Records from a dataset:

***

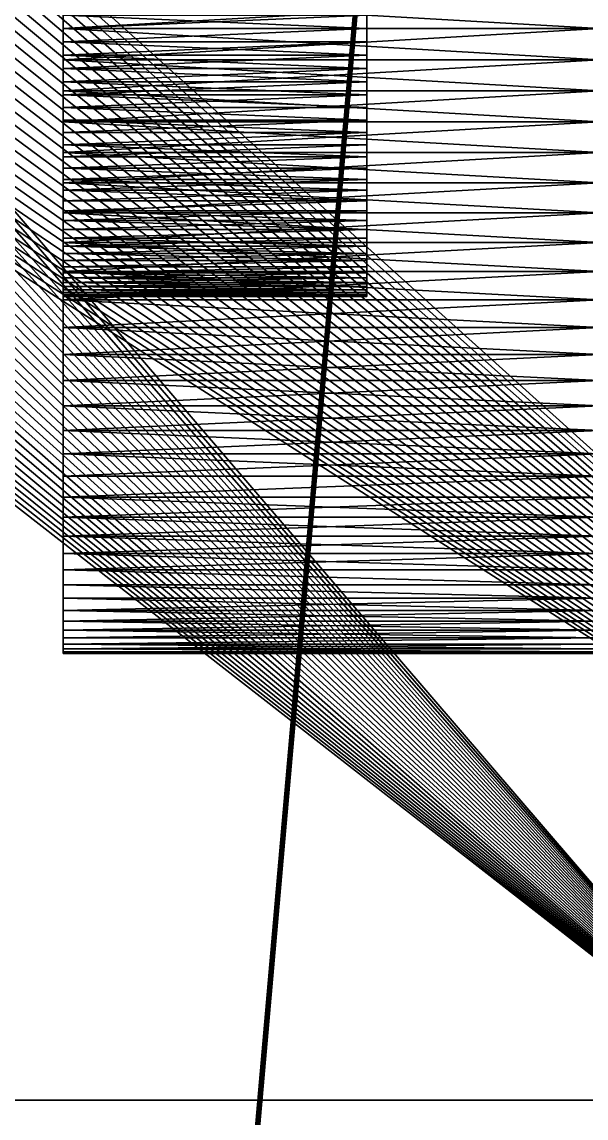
# Model space of a CAD drawing. Header units: millimetres. Extents: x 0 to 520, y -2 to 382.
# Drawn here: x 492.77 to 495.93, y 297.9 to 304.04 of the extents above; entities that cross this region are included whole.
import ezdxf

# ---------------------------------------------------------------- set-up
doc = ezdxf.new("R2010")
doc.units = ezdxf.units.MM

msp = doc.modelspace()

# ---------------------------------------------------------------- linework, layer by layer
at = {"layer": 'BRASS', "color": 52}
for points in [[(509.2, 369.2, 103), (10.8, 369.2, 103), (10.8, 10.8, 103)], [(509.2, 369.2, 103), (10.8, 10.8, 103), (509.2, 10.8, 103)], [(484.6173, 190.3269, 86), (499.5, 359.5, 86), (484.6316, 190.2459, 86)], [(484.6173, 309.6731, 86), (499.5, 359.5, 86), (484.6173, 190.3269, 86)], [(484.6316, 190.2459, 86), (499.5, 359.5, 86), (484.6418, 190.1643, 86)], [(484.6418, 190.1643, 86), (499.5, 359.5, 86), (484.6479, 190.0822, 86)], [(499.5, 359.5, 86), (484.65, 190, 86), (484.6479, 190.0822, 86)], [(499.5, 359.5, 86), (499.5, 20.5, 86), (484.65, 190, 86)]]:
    msp.add_3dface(points, dxfattribs=at)
at = {"layer": 'STEEL', "color": 8}
for points in [[(486.7493, 309.9439, 86), (500, 298, 86), (500, 322, 86)], [(497, 322, 83), (497, 298, 83), (486.7493, 309.9439, 83)], [(486.7437, 309.8319, 86), (500, 298, 86), (486.7493, 309.9439, 86)], [(486.7493, 309.9439, 83), (497, 298, 83), (486.7437, 309.8319, 83)], [(486.7325, 309.7202, 86), (500, 298, 86), (486.7437, 309.8319, 86)], [(486.7437, 309.8319, 83), (497, 298, 83), (486.7325, 309.7202, 83)], [(486.7158, 309.6093, 86), (500, 298, 86), (486.7325, 309.7202, 86)], [(486.7325, 309.7202, 83), (497, 298, 83), (486.7158, 309.6093, 83)], [(486.6936, 309.4993, 86), (500, 298, 86), (486.7158, 309.6093, 86)], [(486.7158, 309.6093, 83), (497, 298, 83), (486.6936, 309.4993, 83)], [(486.6659, 309.3906, 86), (500, 298, 86), (486.6936, 309.4993, 86)], [(486.6936, 309.4993, 83), (497, 298, 83), (486.6659, 309.3906, 83)], [(486.6328, 309.2834, 86), (500, 298, 86), (486.6659, 309.3906, 86)], [(486.6659, 309.3906, 83), (497, 298, 83), (486.6328, 309.2834, 83)], [(486.5945, 309.178, 86), (500, 298, 86), (486.6328, 309.2834, 86)], [(486.6328, 309.2834, 83), (497, 298, 83), (486.5945, 309.178, 83)], [(486.5509, 309.0746, 86), (500, 298, 86), (486.5945, 309.178, 86)], [(486.5945, 309.178, 83), (497, 298, 83), (486.5509, 309.0746, 83)], [(486.5022, 308.9735, 86), (500, 298, 86), (486.5509, 309.0746, 86)], [(486.5509, 309.0746, 83), (497, 298, 83), (486.5022, 308.9735, 83)], [(486.4486, 308.875, 86), (500, 298, 86), (486.5022, 308.9735, 86)], [(486.5022, 308.9735, 83), (497, 298, 83), (486.4486, 308.875, 83)], [(486.3901, 308.7793, 86), (500, 298, 86), (486.4486, 308.875, 86)], [(486.4486, 308.875, 83), (497, 298, 83), (486.3901, 308.7793, 83)], [(486.3269, 308.6866, 86), (500, 298, 86), (486.3901, 308.7793, 86)], [(486.3901, 308.7793, 83), (497, 298, 83), (486.3269, 308.6866, 83)], [(486.2591, 308.5971, 86), (500, 298, 86), (486.3269, 308.6866, 86)], [(497, 298, 83), (486.2591, 308.5971, 83), (486.3269, 308.6866, 83)], [(486.187, 308.5112, 86), (500, 298, 86), (486.2591, 308.5971, 86)], [(497, 298, 83), (486.187, 308.5112, 83), (486.2591, 308.5971, 83)], [(486.1107, 308.429, 86), (500, 298, 86), (486.187, 308.5112, 86)], [(497, 298, 83), (486.1107, 308.429, 83), (486.187, 308.5112, 83)], [(486.0304, 308.3506, 86), (500, 298, 86), (486.1107, 308.429, 86)], [(497, 298, 83), (486.0304, 308.3506, 83), (486.1107, 308.429, 83)], [(485.9463, 308.2764, 86), (500, 298, 86), (486.0304, 308.3506, 86)], [(497, 298, 83), (485.9463, 308.2764, 83), (486.0304, 308.3506, 83)], [(485.8586, 308.2065, 86), (500, 298, 86), (485.9463, 308.2764, 86)], [(497, 298, 83), (485.8586, 308.2065, 83), (485.9463, 308.2764, 83)], [(485.7675, 308.141, 86), (500, 298, 86), (485.8586, 308.2065, 86)], [(497, 298, 83), (485.7675, 308.141, 83), (485.8586, 308.2065, 83)], [(485.6732, 308.0801, 86), (500, 298, 86), (485.7675, 308.141, 86)], [(497, 298, 83), (485.6732, 308.0801, 83), (485.7675, 308.141, 83)], [(485.5761, 308.024, 86), (500, 298, 86), (485.6732, 308.0801, 86)], [(497, 298, 83), (485.5761, 308.024, 83), (485.6732, 308.0801, 83)], [(485.374, 307.9267, 86), (500, 298, 86), (485.4762, 307.9728, 86)], [(497, 298, 83), (485.374, 307.9267, 83), (485.4762, 307.9728, 83)], [(485.4762, 307.9728, 86), (500, 298, 86), (485.5761, 308.024, 86)], [(497, 298, 83), (485.4762, 307.9728, 83), (485.5761, 308.024, 83)], [(485.2695, 307.8857, 86), (500, 298, 86), (485.374, 307.9267, 86)], [(497, 298, 83), (485.2695, 307.8857, 83), (485.374, 307.9267, 83)], [(485.0552, 307.8196, 86), (500, 298, 86), (485.1632, 307.85, 86)], [(497, 298, 83), (485.0552, 307.8196, 83), (485.1632, 307.85, 83)], [(485.1632, 307.85, 86), (500, 298, 86), (485.2695, 307.8857, 86)], [(497, 298, 83), (485.1632, 307.85, 83), (485.2695, 307.8857, 83)], [(484.8353, 307.7751, 86), (500, 298, 86), (484.9458, 307.7946, 86)], [(497, 298, 83), (484.8353, 307.7751, 83), (484.9458, 307.7946, 83)], [(484.9458, 307.7946, 86), (500, 298, 86), (485.0552, 307.8196, 86)], [(497, 298, 83), (484.9458, 307.7946, 83), (485.0552, 307.8196, 83)], [(472, 298, 86), (500, 298, 86), (484.724, 307.7612, 86)], [(497, 298, 83), (472, 298, 83), (484.5, 307.75, 83)], [(497, 298, 83), (484.5, 307.75, 83), (484.6122, 307.7528, 83)], [(497, 298, 83), (484.6122, 307.7528, 83), (484.724, 307.7612, 83)], [(484.724, 307.7612, 86), (500, 298, 86), (484.8353, 307.7751, 86)], [(497, 298, 83), (484.724, 307.7612, 83), (484.8353, 307.7751, 83)], [(494.7, 305.4995, 71.9626), (494.7, 305.4624, 71.6662), (494.7, 302.5376, 71.6662)], [(494.7, 305.4995, 71.9626), (494.7, 302.5376, 71.6662), (494.7, 302.5228, 71.7395)], [(494.7, 305.4995, 71.9626), (494.7, 302.5228, 71.7395), (494.7, 302.5116, 71.8135)], [(494.7, 305.4995, 72.0374), (494.7, 305.4995, 71.9626), (494.7, 302.5116, 71.8135)], [(494.7, 305.4995, 72.0374), (494.7, 302.5116, 71.8135), (494.7, 302.5042, 71.8879)], [(494.7, 305.4624, 72.3338), (494.7, 305.4995, 72.0374), (494.7, 302.5042, 71.8879)], [(494.7, 305.4624, 71.6662), (494.7, 302.5781, 71.5223), (494.7, 302.5561, 71.5937)], [(494.7, 305.4624, 71.6662), (494.7, 302.5561, 71.5937), (494.7, 302.5376, 71.6662)], [(494.7, 305.4624, 71.6662), (494.7, 305.4439, 71.5937), (494.7, 302.5781, 71.5223)], [(494.7, 305.4624, 72.3338), (494.7, 302.5042, 72.1121), (494.7, 302.5228, 72.2605)], [(494.7, 305.4624, 72.3338), (494.7, 302.5042, 71.8879), (494.7, 302.5005, 72.0374)], [(494.7, 305.4624, 72.3338), (494.7, 302.5005, 72.0374), (494.7, 302.5042, 72.1121)], [(494.7, 305.4439, 72.4063), (494.7, 305.4624, 72.3338), (494.7, 302.5228, 72.2605)], [(494.7, 305.4439, 71.5937), (494.7, 302.6652, 71.3157), (494.7, 302.5781, 71.5223)], [(494.7, 305.4439, 71.5937), (494.7, 305.3673, 71.3831), (494.7, 302.6652, 71.3157)], [(494.7, 305.3673, 72.6169), (494.7, 305.4439, 72.4063), (494.7, 302.5228, 72.2605)], [(494.7, 305.3673, 71.3831), (494.7, 302.7821, 71.1244), (494.7, 302.6652, 71.3157)], [(494.7, 305.3673, 71.3831), (494.7, 305.299, 71.25), (494.7, 302.8273, 71.0648)], [(494.7, 305.3673, 71.3831), (494.7, 302.8273, 71.0648), (494.7, 302.7821, 71.1244)], [(494.7, 305.3348, 72.6843), (494.7, 305.3673, 72.6169), (494.7, 302.5228, 72.2605)], [(494.7, 305.3348, 72.6843), (494.7, 302.5228, 72.2605), (494.7, 302.6327, 72.6169)], [(494.7, 305.299, 72.75), (494.7, 305.3348, 72.6843), (494.7, 302.6327, 72.6169)], [(494.7, 305.299, 71.25), (494.7, 305.26, 71.1862), (494.7, 302.8753, 71.0075)], [(494.7, 305.299, 71.25), (494.7, 302.8753, 71.0075), (494.7, 302.8273, 71.0648)], [(494.7, 305.2179, 72.8756), (494.7, 305.299, 72.75), (494.7, 302.6327, 72.6169)], [(494.7, 305.26, 71.1862), (494.7, 305.1247, 71.0075), (494.7, 302.9797, 70.9004)], [(494.7, 305.26, 71.1862), (494.7, 302.9797, 70.9004), (494.7, 302.9262, 70.9526)], [(494.7, 305.26, 71.1862), (494.7, 302.9262, 70.9526), (494.7, 302.8753, 71.0075)], [(494.7, 305.2179, 72.8756), (494.7, 302.6327, 72.6169), (494.7, 302.6652, 72.6843)], [(494.7, 305.2179, 72.8756), (494.7, 302.6652, 72.6843), (494.7, 302.7821, 72.8756)], [(494.7, 305.0738, 73.0474), (494.7, 305.2179, 72.8756), (494.7, 302.7821, 72.8756)], [(494.7, 305.1247, 71.0075), (494.7, 303.6299, 70.5464), (494.7, 303.5579, 70.5666)], [(494.7, 305.1247, 71.0075), (494.7, 303.5579, 70.5666), (494.7, 303.487, 70.5905)], [(494.7, 305.1247, 71.0075), (494.7, 303.487, 70.5905), (494.7, 303.4173, 70.6178)], [(494.7, 305.1247, 71.0075), (494.7, 303.4173, 70.6178), (494.7, 303.3492, 70.6485)], [(494.7, 305.1247, 71.0075), (494.7, 303.3492, 70.6485), (494.7, 303.2826, 70.6827)], [(494.7, 305.1247, 71.0075), (494.7, 303.2826, 70.6827), (494.7, 303.2178, 70.7201)], [(494.7, 305.1247, 71.0075), (494.7, 303.2178, 70.7201), (494.7, 303.155, 70.7606)], [(494.7, 305.1247, 71.0075), (494.7, 303.155, 70.7606), (494.7, 303.0943, 70.8043)], [(494.7, 305.1247, 71.0075), (494.7, 303.0943, 70.8043), (494.7, 303.0358, 70.8509)], [(494.7, 305.1247, 71.0075), (494.7, 303.0358, 70.8509), (494.7, 302.9797, 70.9004)], [(494.7, 305.1247, 71.0075), (494.7, 304.845, 70.7606), (494.7, 303.6299, 70.5464)], [(494.7, 305.0738, 73.0474), (494.7, 303.3492, 73.3515), (494.7, 304.513, 73.4095)], [(494.7, 305.0738, 73.0474), (494.7, 302.7821, 72.8756), (494.7, 302.9262, 73.0474)], [(494.7, 305.0738, 73.0474), (494.7, 302.9262, 73.0474), (494.7, 303.3492, 73.3515)], [(494.7, 304.845, 70.7606), (494.7, 304.0748, 70.5019), (494.7, 304, 70.5)], [(494.7, 304.845, 70.7606), (494.7, 304, 70.5), (494.7, 303.9252, 70.5019)], [(494.7, 304.845, 70.7606), (494.7, 303.9252, 70.5019), (494.7, 303.8506, 70.5075)], [(494.7, 304.845, 70.7606), (494.7, 303.8506, 70.5075), (494.7, 303.7764, 70.5168)], [(494.7, 304.845, 70.7606), (494.7, 303.7764, 70.5168), (494.7, 303.7028, 70.5297)], [(494.7, 304.845, 70.7606), (494.7, 303.7028, 70.5297), (494.7, 303.6299, 70.5464)], [(494.7, 304.513, 73.4095), (494.7, 303.487, 73.4095), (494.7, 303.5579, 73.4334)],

***

EXERCISE:
For the records above, state the count of lines where "ezdxf" appears, without any other text.

PROBLEM SOLUTION:
3